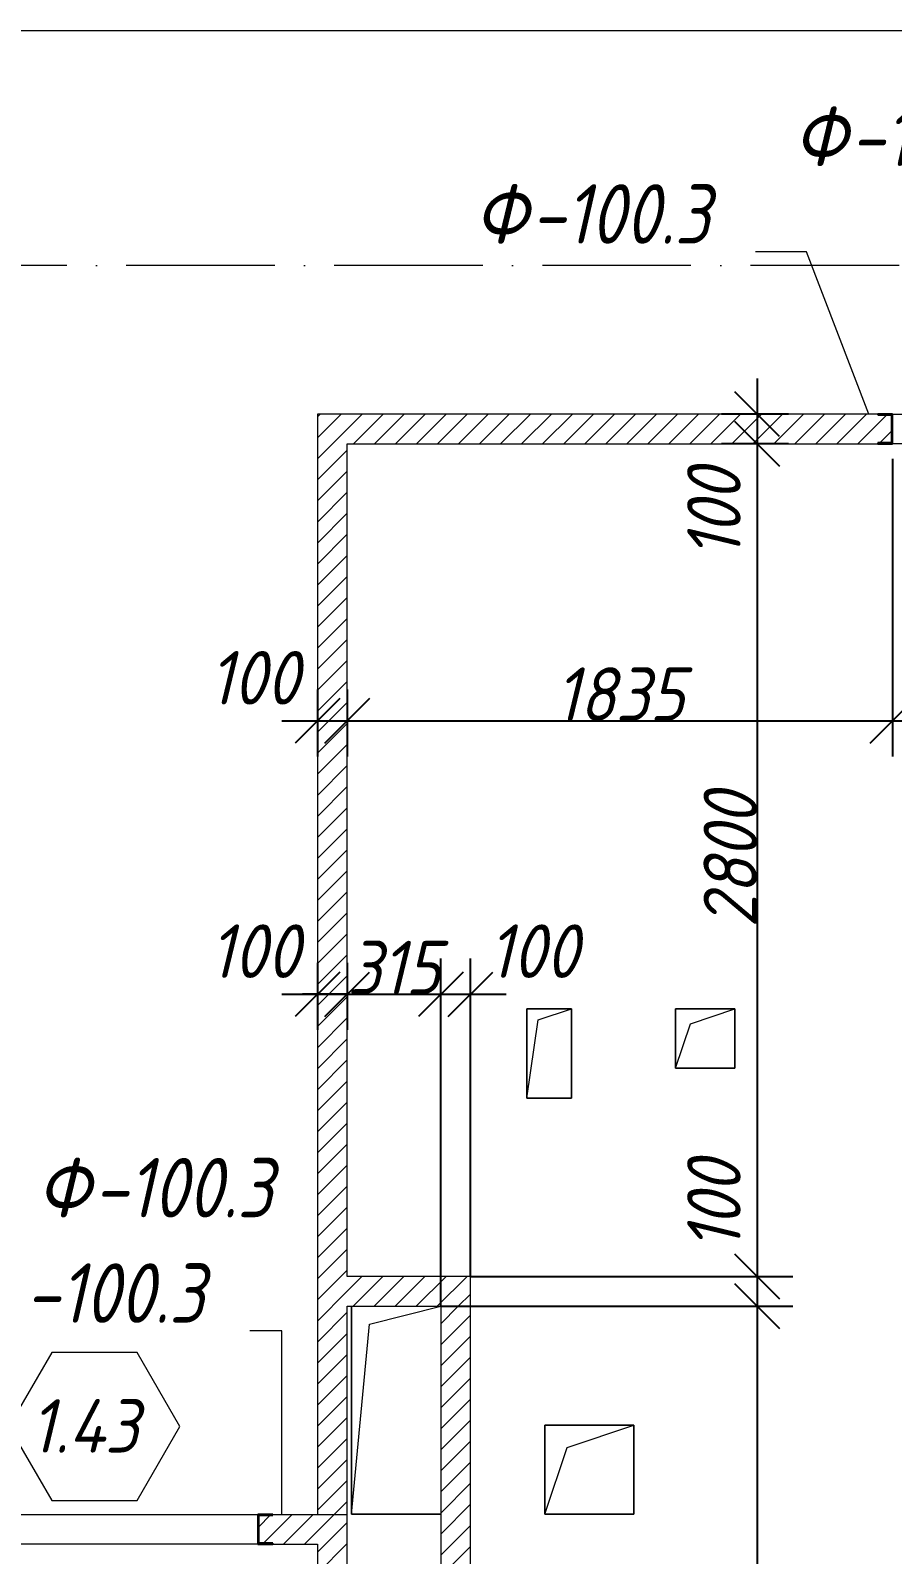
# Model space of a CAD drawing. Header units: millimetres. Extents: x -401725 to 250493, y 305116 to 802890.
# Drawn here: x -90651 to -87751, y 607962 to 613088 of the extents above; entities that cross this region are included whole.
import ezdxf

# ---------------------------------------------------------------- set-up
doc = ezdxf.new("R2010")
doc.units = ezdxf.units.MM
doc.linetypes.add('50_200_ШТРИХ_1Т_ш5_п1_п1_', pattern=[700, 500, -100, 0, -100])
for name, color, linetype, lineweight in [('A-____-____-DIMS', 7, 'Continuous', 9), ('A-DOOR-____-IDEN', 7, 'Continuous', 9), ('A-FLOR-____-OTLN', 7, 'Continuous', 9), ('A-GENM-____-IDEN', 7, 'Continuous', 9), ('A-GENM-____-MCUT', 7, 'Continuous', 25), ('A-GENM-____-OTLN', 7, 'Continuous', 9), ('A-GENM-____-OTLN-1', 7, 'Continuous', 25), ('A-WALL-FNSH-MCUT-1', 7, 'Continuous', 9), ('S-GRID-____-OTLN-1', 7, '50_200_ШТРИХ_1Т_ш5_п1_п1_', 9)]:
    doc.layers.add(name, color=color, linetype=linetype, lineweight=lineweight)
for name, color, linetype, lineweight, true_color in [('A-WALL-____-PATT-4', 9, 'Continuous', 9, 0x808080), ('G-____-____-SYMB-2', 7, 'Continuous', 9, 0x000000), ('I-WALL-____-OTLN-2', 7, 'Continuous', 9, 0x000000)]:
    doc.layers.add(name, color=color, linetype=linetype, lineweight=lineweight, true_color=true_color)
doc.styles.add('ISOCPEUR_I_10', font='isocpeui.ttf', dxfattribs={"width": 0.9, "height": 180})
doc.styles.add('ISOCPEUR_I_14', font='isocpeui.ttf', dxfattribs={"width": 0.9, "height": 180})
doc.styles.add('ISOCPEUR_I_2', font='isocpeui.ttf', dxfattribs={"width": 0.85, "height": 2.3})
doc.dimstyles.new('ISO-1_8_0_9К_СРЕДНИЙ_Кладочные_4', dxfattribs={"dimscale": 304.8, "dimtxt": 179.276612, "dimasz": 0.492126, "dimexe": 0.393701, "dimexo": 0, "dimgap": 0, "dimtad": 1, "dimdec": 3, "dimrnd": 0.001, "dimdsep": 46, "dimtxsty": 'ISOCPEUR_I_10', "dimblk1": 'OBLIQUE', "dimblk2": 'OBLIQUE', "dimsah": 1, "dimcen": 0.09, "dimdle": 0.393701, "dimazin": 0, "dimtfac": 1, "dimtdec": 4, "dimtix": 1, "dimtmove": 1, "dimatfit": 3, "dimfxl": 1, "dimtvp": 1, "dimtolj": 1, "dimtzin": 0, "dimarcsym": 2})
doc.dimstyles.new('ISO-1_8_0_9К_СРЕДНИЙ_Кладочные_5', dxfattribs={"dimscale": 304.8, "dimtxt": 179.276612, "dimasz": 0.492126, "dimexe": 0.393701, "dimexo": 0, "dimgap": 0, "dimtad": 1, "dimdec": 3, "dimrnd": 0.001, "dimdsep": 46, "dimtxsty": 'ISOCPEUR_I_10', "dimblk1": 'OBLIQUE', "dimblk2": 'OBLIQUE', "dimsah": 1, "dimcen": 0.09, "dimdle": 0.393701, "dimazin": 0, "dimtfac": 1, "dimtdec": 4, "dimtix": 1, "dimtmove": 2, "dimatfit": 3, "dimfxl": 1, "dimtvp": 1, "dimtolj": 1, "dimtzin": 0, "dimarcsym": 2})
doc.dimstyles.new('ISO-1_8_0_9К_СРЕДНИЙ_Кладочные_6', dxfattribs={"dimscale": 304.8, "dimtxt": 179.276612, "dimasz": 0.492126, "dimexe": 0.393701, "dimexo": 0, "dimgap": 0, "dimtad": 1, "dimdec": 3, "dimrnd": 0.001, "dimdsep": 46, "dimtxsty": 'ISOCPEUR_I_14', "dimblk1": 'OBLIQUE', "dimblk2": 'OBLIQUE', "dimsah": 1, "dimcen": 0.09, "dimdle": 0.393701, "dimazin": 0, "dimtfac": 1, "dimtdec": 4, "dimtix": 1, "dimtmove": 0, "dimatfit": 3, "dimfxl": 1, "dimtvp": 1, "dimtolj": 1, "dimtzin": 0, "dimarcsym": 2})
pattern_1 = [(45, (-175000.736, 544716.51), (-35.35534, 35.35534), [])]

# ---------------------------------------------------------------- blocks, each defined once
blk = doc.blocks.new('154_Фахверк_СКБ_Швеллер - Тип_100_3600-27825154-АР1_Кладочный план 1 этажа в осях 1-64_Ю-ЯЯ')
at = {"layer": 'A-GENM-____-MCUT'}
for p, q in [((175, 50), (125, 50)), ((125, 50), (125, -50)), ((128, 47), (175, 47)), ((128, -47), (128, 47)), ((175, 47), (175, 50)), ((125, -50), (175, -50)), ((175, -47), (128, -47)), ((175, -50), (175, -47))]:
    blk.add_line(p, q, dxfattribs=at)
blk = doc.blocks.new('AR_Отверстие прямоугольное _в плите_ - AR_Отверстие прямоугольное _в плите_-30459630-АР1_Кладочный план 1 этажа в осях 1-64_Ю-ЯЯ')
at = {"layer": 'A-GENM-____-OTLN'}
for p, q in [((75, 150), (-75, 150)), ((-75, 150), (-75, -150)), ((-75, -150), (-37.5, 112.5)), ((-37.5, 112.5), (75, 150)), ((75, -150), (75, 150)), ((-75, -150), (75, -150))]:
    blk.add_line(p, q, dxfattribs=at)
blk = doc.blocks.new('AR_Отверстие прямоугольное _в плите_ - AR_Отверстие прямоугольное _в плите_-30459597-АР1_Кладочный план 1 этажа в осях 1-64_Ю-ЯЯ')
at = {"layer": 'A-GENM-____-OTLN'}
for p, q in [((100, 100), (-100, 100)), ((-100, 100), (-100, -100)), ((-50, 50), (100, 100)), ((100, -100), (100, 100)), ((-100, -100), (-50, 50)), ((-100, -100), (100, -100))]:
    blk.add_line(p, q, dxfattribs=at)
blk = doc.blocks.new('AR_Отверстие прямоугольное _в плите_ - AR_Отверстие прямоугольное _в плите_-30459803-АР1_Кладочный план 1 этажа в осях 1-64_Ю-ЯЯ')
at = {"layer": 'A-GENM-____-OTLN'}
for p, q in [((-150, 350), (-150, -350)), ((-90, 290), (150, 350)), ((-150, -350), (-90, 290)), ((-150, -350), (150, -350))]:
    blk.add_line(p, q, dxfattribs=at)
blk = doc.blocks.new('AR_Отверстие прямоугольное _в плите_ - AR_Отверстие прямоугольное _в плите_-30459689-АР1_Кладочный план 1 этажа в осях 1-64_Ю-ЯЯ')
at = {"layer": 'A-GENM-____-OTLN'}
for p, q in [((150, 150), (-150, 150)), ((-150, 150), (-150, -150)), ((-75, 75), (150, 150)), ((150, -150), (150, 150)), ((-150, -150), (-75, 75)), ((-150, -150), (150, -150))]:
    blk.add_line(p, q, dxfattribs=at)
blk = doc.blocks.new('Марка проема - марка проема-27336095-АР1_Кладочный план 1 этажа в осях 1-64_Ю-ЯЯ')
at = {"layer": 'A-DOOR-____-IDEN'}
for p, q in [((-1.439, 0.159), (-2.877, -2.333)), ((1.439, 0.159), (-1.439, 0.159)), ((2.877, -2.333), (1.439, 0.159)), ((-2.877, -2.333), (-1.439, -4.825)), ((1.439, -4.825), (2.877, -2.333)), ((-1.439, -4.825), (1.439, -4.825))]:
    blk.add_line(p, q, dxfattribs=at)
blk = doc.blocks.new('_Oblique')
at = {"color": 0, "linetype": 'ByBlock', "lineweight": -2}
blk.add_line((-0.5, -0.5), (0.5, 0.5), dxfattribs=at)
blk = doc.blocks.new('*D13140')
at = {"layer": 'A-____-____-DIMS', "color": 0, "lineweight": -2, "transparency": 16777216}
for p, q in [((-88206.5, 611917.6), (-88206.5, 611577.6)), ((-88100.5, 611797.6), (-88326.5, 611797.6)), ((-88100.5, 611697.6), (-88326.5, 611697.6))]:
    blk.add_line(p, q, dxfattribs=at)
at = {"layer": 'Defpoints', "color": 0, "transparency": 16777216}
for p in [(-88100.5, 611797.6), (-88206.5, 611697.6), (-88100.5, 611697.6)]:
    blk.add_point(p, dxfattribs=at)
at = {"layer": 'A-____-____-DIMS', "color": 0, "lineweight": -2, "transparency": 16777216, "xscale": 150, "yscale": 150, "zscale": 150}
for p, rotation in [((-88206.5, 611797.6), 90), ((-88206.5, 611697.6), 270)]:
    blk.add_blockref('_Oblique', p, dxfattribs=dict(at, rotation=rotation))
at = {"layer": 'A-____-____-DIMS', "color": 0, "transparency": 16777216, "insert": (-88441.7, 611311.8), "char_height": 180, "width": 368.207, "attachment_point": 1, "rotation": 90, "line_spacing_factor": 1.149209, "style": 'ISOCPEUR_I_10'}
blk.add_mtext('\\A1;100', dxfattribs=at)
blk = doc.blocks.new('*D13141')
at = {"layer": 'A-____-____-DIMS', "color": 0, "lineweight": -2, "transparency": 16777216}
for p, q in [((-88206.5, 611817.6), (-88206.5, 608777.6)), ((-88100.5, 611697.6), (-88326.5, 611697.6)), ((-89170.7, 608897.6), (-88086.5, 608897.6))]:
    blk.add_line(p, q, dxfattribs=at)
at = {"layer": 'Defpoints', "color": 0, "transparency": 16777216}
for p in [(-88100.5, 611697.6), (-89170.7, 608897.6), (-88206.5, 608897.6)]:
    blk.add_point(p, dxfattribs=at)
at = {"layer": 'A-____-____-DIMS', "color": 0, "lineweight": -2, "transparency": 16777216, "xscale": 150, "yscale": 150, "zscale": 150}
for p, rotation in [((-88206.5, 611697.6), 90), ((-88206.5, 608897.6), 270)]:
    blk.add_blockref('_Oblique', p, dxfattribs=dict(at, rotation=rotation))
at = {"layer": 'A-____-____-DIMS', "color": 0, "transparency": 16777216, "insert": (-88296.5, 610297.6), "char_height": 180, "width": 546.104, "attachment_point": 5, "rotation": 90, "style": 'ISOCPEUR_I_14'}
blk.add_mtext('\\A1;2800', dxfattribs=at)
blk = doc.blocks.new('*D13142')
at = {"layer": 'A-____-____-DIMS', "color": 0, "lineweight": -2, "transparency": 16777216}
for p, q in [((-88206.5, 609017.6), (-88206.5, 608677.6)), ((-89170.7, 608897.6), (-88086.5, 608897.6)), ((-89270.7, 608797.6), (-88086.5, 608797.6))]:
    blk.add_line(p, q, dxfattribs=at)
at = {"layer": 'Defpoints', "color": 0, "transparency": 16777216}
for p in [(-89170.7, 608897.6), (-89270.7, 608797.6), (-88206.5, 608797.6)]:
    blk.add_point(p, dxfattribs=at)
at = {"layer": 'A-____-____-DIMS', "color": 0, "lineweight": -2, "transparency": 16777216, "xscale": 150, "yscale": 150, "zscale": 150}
- - - - -
• **To do**: Find every line above where the word "font" occurs, and copy that line.

• **Response**:
doc.styles.add('ISOCPEUR_I_10', font='isocpeui.ttf', dxfattribs={"width": 0.9, "height": 180})
doc.styles.add('ISOCPEUR_I_14', font='isocpeui.ttf', dxfattribs={"width": 0.9, "height": 180})
doc.styles.add('ISOCPEUR_I_2', font='isocpeui.ttf', dxfattribs={"width": 0.85, "height": 2.3})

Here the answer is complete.